I am totally in the closet on Facebook but one of my Facebook friends who is 18 put a caption under her profile that said "fuck your religion". But I don't think you can have captions under your profile any longer and I don't think it gets any more offensive then that. 

 

That's kind of like having a sign on your front door that instead of saying "no solicitation" it says "fuck your religion" lol. That's just too much but she is a funny one (the good kind of funny).  

So you live in Louisiana? I feel sorry for you because I know how you feel, I live in Louisiana too!
yes I do know, I have lost friends and family for who I am.
I push my Atheism on Facebook plenty. A few of my friends get a little unsure because some of my points have them questioning their faith, but they realize and respect where I'm coming from when I speak of lies that keep mankind in a bondage to fantasy and nonsense.

First off, I have two facebook accounts.
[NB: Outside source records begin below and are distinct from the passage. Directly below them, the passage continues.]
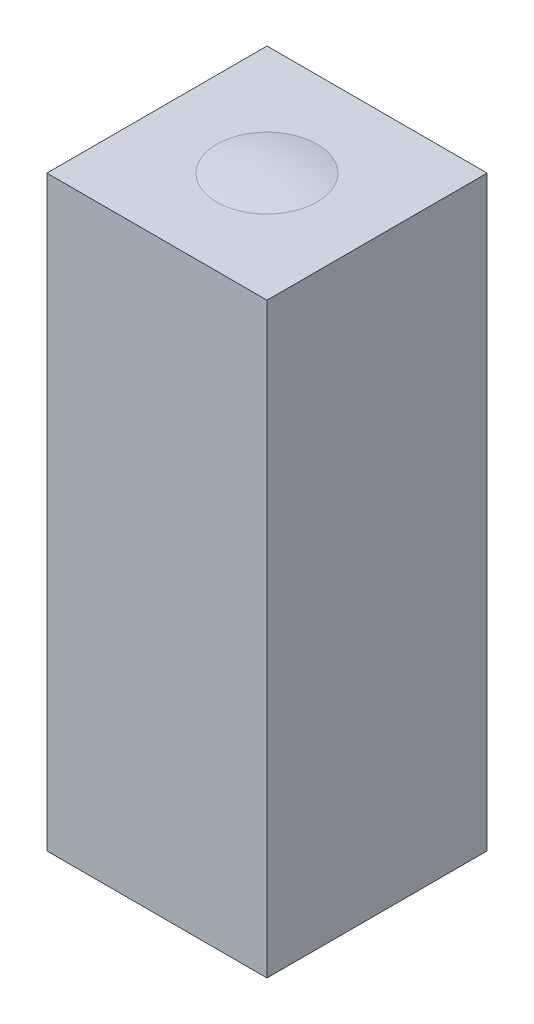
ISO-10303-21;
HEADER;
FILE_DESCRIPTION(('STEP AP214'),'2;1');
FILE_NAME('part.step','',(''),(''),'','','');
FILE_SCHEMA(('AUTOMOTIVE_DESIGN { 1 0 10303 214 1 1 1 1 }'));
ENDSEC;
DATA;
#1=APPLICATION_CONTEXT('core data for automotive mechanical design processes');
#2=APPLICATION_PROTOCOL_DEFINITION('international standard','automotive_design',2000,#1);
#3=PRODUCT_CONTEXT('',#1,'mechanical');
#4=PRODUCT('Part','Part','',(#3));
#5=PRODUCT_RELATED_PRODUCT_CATEGORY('part','',(#4));
#6=PRODUCT_DEFINITION_FORMATION('','',#4);
#7=PRODUCT_DEFINITION_CONTEXT('part definition',#1,'design');
#8=PRODUCT_DEFINITION('design','',#6,#7);
#9=PRODUCT_DEFINITION_SHAPE('','',#8);
#10=(LENGTH_UNIT() NAMED_UNIT(*) SI_UNIT(.MILLI.,.METRE.));
#11=(NAMED_UNIT(*) PLANE_ANGLE_UNIT() SI_UNIT($,.RADIAN.));
#12=(NAMED_UNIT(*) SI_UNIT($,.STERADIAN.) SOLID_ANGLE_UNIT());
#13=UNCERTAINTY_MEASURE_WITH_UNIT(LENGTH_MEASURE(1.E-05),#10,'distance_accuracy_value','');
#14=(GEOMETRIC_REPRESENTATION_CONTEXT(3) GLOBAL_UNCERTAINTY_ASSIGNED_CONTEXT((#13)) GLOBAL_UNIT_ASSIGNED_CONTEXT((#10,
#11,#12)) REPRESENTATION_CONTEXT('',''));
#15=CARTESIAN_POINT('',(0.,0.,0.));
#16=DIRECTION('',(0.,0.,1.));
#17=DIRECTION('',(1.,0.,0.));
#18=AXIS2_PLACEMENT_3D('',#15,#16,#17);
#19=CARTESIAN_POINT('',(-12.7118644067797,-80.,-17.1610169491525));
#20=DIRECTION('',(-1.,0.,0.));
#21=DIRECTION('',(0.,0.,1.));
#22=AXIS2_PLACEMENT_3D('',#19,#20,#21);
#23=PLANE('',#22);
#24=DIRECTION('',(0.,0.,1.));
#25=VECTOR('',#24,1.);
#26=CARTESIAN_POINT('',(-12.7118644067797,0.,-17.1610169491525));
#27=LINE('',#26,#25);
#28=CARTESIAN_POINT('',(-12.7118644067797,0.,-17.1610169491525));
#29=VERTEX_POINT('',#28);
#30=CARTESIAN_POINT('',(-12.7118644067797,0.,12.8389830508475));
#31=VERTEX_POINT('',#30);
#32=EDGE_CURVE('E98',#29,#31,#27,.T.);
#33=ORIENTED_EDGE('',*,*,#32,.T.);
#34=DIRECTION('',(0.,1.,0.));
#35=VECTOR('',#34,1.);
#36=CARTESIAN_POINT('',(-12.7118644067797,-80.,12.8389830508475));
#37=LINE('',#36,#35);
#38=CARTESIAN_POINT('',(-12.7118644067797,-80.,12.8389830508475));
#39=VERTEX_POINT('',#38);
#40=EDGE_CURVE('E11',#39,#31,#37,.T.);
#41=ORIENTED_EDGE('',*,*,#40,.F.);
#42=DIRECTION('',(0.,0.,1.));
#43=VECTOR('',#42,1.);
#44=CARTESIAN_POINT('',(-12.7118644067797,-80.,-17.1610169491525));
#45=LINE('',#44,#43);
#46=CARTESIAN_POINT('',(-12.7118644067797,-80.,-17.1610169491525));
#47=VERTEX_POINT('',#46);
#48=EDGE_CURVE('E84',#47,#39,#45,.T.);
#49=ORIENTED_EDGE('',*,*,#48,.F.);
#50=DIRECTION('',(0.,1.,0.));
#51=VECTOR('',#50,1.);
#52=CARTESIAN_POINT('',(-12.7118644067797,-80.,-17.1610169491525));
#53=LINE('',#52,#51);
#54=EDGE_CURVE('E51',#47,#29,#53,.T.);
#55=ORIENTED_EDGE('',*,*,#54,.T.);
#56=EDGE_LOOP('',(#33,#41,#49,#55));
#57=FACE_BOUND('',#56,.T.);
#58=ADVANCED_FACE('F35',(#57),#23,.F.);
#59=CARTESIAN_POINT('',(-12.7118644067797,-80.,12.8389830508475));
#60=DIRECTION('',(0.,0.,-1.));
#61=DIRECTION('',(-1.,0.,0.));
#62=AXIS2_PLACEMENT_3D('',#59,#60,#61);
#63=PLANE('',#62);
#64=DIRECTION('',(-1.,0.,0.));
#65=VECTOR('',#64,1.);
#66=CARTESIAN_POINT('',(-12.7118644067797,0.,12.8389830508475));
#67=LINE('',#66,#65);
#68=CARTESIAN_POINT('',(-42.7118644067797,0.,12.8389830508475));
#69=VERTEX_POINT('',#68);
#70=EDGE_CURVE('E89',#31,#69,#67,.T.);
#71=ORIENTED_EDGE('',*,*,#70,.T.);
#72=DIRECTION('',(0.,1.,0.));
#73=VECTOR('',#72,1.);
#74=CARTESIAN_POINT('',(-42.7118644067797,-80.,12.8389830508475));
#75=LINE('',#74,#73);
#76=CARTESIAN_POINT('',(-42.7118644067797,-80.,12.8389830508475));
#77=VERTEX_POINT('',#76);
#78=EDGE_CURVE('E43',#77,#69,#75,.T.);
#79=ORIENTED_EDGE('',*,*,#78,.F.);
#80=DIRECTION('',(-1.,0.,0.));
#81=VECTOR('',#80,1.);
#82=CARTESIAN_POINT('',(-12.7118644067797,-80.,12.8389830508475));
#83=LINE('',#82,#81);
#84=EDGE_CURVE('E76',#39,#77,#83,.T.);
#85=ORIENTED_EDGE('',*,*,#84,.F.);
#86=ORIENTED_EDGE('',*,*,#40,.T.);
#87=EDGE_LOOP('',(#71,#79,#85,#86));
#88=FACE_BOUND('',#87,.T.);
#89=ADVANCED_FACE('F88',(#88),#63,.F.);
#90=CARTESIAN_POINT('',(-42.7118644067797,-80.,-17.1610169491525));
#91=DIRECTION('',(-1.,0.,0.));
#92=DIRECTION('',(0.,0.,1.));
#93=AXIS2_PLACEMENT_3D('',#90,#91,#92);
#94=PLANE('',#93);
#95=DIRECTION('',(0.,0.,1.));
#96=VECTOR('',#95,1.);
#97=CARTESIAN_POINT('',(-42.7118644067797,0.,-17.1610169491525));
#98=LINE('',#97,#96);
#99=CARTESIAN_POINT('',(-42.7118644067797,0.,-17.1610169491525));
#100=VERTEX_POINT('',#99);
#101=EDGE_CURVE('E102',#100,#69,#98,.T.);
#102=ORIENTED_EDGE('',*,*,#101,.F.);
#103=DIRECTION('',(0.,1.,0.));
#104=VECTOR('',#103,1.);
#105=CARTESIAN_POINT('',(-42.7118644067797,-80.,-17.1610169491525));
#106=LINE('',#105,#104);
#107=CARTESIAN_POINT('',(-42.7118644067797,-80.,-17.1610169491525));
#108=VERTEX_POINT('',#107);
#109=EDGE_CURVE('E65',#108,#100,#106,.T.);
#110=ORIENTED_EDGE('',*,*,#109,.F.);
#111=DIRECTION('',(0.,0.,1.));
#112=VECTOR('',#111,1.);
#113=CARTESIAN_POINT('',(-42.7118644067797,-80.,-17.1610169491525));
#114=LINE('',#113,#112);
#115=EDGE_CURVE('E83',#108,#77,#114,.T.);
#116=ORIENTED_EDGE('',*,*,#115,.T.);
#117=ORIENTED_EDGE('',*,*,#78,.T.);
#118=EDGE_LOOP('',(#102,#110,#116,#117));
#119=FACE_BOUND('',#118,.T.);
#120=ADVANCED_FACE('F92',(#119),#94,.T.);
#121=CARTESIAN_POINT('',(-12.7118644067797,-80.,-17.1610169491525));
#122=DIRECTION('',(0.,0.,-1.));
#123=DIRECTION('',(-1.,0.,0.));
#124=AXIS2_PLACEMENT_3D('',#121,#122,#123);
#125=PLANE('',#124);
#126=DIRECTION('',(-1.,0.,0.));
#127=VECTOR('',#126,1.);
#128=CARTESIAN_POINT('',(-12.7118644067797,0.,-17.1610169491525));
#129=LINE('',#128,#127);
#130=EDGE_CURVE('E104',#29,#100,#129,.T.);
#131=ORIENTED_EDGE('',*,*,#130,.F.);
#132=ORIENTED_EDGE('',*,*,#54,.F.);
#133=DIRECTION('',(-1.,0.,0.));
#134=VECTOR('',#133,1.);
#135=CARTESIAN_POINT('',(-12.7118644067797,-80.,-17.1610169491525));
#136=LINE('',#135,#134);
#137=EDGE_CURVE('E93',#47,#108,#136,.T.);
#138=ORIENTED_EDGE('',*,*,#137,.T.);
#139=ORIENTED_EDGE('',*,*,#109,.T.);
#140=EDGE_LOOP('',(#131,#132,#138,#139));
#141=FACE_BOUND('',#140,.T.);
#142=ADVANCED_FACE('F127',(#141),#125,.T.);
#143=CARTESIAN_POINT('',(0.,-80.,0.));
#144=DIRECTION('',(0.,-1.,0.));
#145=DIRECTION('',(0.,0.,-1.));
#146=AXIS2_PLACEMENT_3D('',#143,#144,#145);
#147=PLANE('',#146);
#148=ORIENTED_EDGE('',*,*,#48,.T.);
#149=ORIENTED_EDGE('',*,*,#84,.T.);
#150=ORIENTED_EDGE('',*,*,#115,.F.);
#151=ORIENTED_EDGE('',*,*,#137,.F.);
#152=EDGE_LOOP('',(#148,#149,#150,#151));
#153=FACE_BOUND('',#152,.T.);
#154=ADVANCED_FACE('F80',(#153),#147,.T.);
#155=CARTESIAN_POINT('',(0.,0.,0.));
#156=DIRECTION('',(0.,-1.,0.));
#157=DIRECTION('',(0.,0.,-1.));
#158=AXIS2_PLACEMENT_3D('',#155,#156,#157);
#159=PLANE('',#158);
#160=CARTESIAN_POINT('',(-27.7118644067797,0.,-2.16101694915254));
#161=DIRECTION('',(0.,-1.,0.));
#162=DIRECTION('',(0.,0.,-1.));
#163=AXIS2_PLACEMENT_3D('',#160,#161,#162);
#164=CIRCLE('',#163,6.83995561054655);
#165=CARTESIAN_POINT('',(-27.7118644067797,0.,-9.0009725596991));
#166=VERTEX_POINT('',#165);
#167=EDGE_CURVE('E100',#166,#166,#164,.T.);
#168=ORIENTED_EDGE('',*,*,#167,.T.);
#169=EDGE_LOOP('',(#168));
#170=FACE_BOUND('',#169,.T.);
#171=ORIENTED_EDGE('',*,*,#32,.F.);
#172=ORIENTED_EDGE('',*,*,#130,.T.);
#173=ORIENTED_EDGE('',*,*,#101,.T.);
#174=ORIENTED_EDGE('',*,*,#70,.F.);
#175=EDGE_LOOP('',(#171,#172,#173,#174));
#176=FACE_BOUND('',#175,.T.);
#177=ADVANCED_FACE('F113',(#170,#176),#159,.F.);
#178=CARTESIAN_POINT('',(-27.7118644067797,-30.9366074689437,-2.16101694915254));
#179=DIRECTION('',(0.,-1.,0.));
#180=DIRECTION('',(-1.,0.,0.));
#181=AXIS2_PLACEMENT_3D('',#178,#179,#180);
#182=SPHERICAL_SURFACE('',#181,31.6837288594911);
#183=ORIENTED_EDGE('',*,*,#167,.F.);
#184=EDGE_LOOP('',(#183));
#185=FACE_BOUND('',#184,.T.);
#186=ADVANCED_FACE('F115',(#185),#182,.T.);
#187=CLOSED_SHELL('',(#58,#89,#120,#142,#154,#177,#186));
#188=MANIFOLD_SOLID_BREP('B2',#187);
#189=ADVANCED_BREP_SHAPE_REPRESENTATION('',(#18,#188),#14);
#190=SHAPE_DEFINITION_REPRESENTATION(#9,#189);
ENDSEC;
END-ISO-10303-21;

One is work, my kid's friends, family, Xian friends, everybody but the really rude fuckers. I call it my PG-13 facebook page. Its not PC, but its pretty tame. 800+ friends.

On my NC-17 page, I speak my mind much more freely. Less than 100 friends.

I didn't proselytize much (in my mind) when I was a Xian. I ignore most Christian comments and posts, but get in my face and you will get it with both barrels. Occasionally something will rub me the wrong way and I will say something causing a shitslide. I will slam those who post intolerant bullshit on either account. 

There is a time and a place for everything. I don't make a secret about being an atheist, but I don't walk around rubbing people's faces in it. I'm happy to have conversations with people if they are civil. I do post atheist links and articles on both accounts, but I don't overrun them. I'm not out to deconvert the world. Yet.

 

Certainly out, but I try to avoid pushing it. I'm often vague in how I say it. For example, a status from today. "If you are worried about your stuff, let me know and I'll take ownership of it on May 20 for your peace of mind on May 21st." It's a poke, but one that even other Christians can appreciate. I'll pick on bad science, take on some political and religious issues, but I try to avoid going over the top on religious topics in how I say something. Now in straight politics, I'll offend the shit out of anyone. But religion hits too close to home so even when I hear creationist stuff, I tread lightly and let others see it for what it is. 
I am pretty vocal about my atheism, mainly cos sooo many of my fb friends are very Christian and republican, and expect me to share in those ideals.
I am vocal about my views on a specific subject.  I don't find the need to bring up my atheism.  This is not some movement for me.  It is not a religion and so I feel I need to talk about it all the time. If someone asks me a specific question about it I will speak on it.  If someone tries to convert me I will tell them I am not interested.  I don't get people's need to "evangelize" about atheism.
If you had been the victim of or witness to some of the incredible discrimination and abuse I have suffered and witnessed, then you would not say that.  Perhaps you believe that we "belong" in the closet and have no right to complain about being mistreated.  Perhaps you are in a good situation and don't feel empathy for atheists who don't share your good fortune.  Clearly, however, you don't really care about the fate of humanity.
I don't believe anyone belongs in a closet, but i don't have to put my atheist views out there for every single thing. Yes you fight discrimination.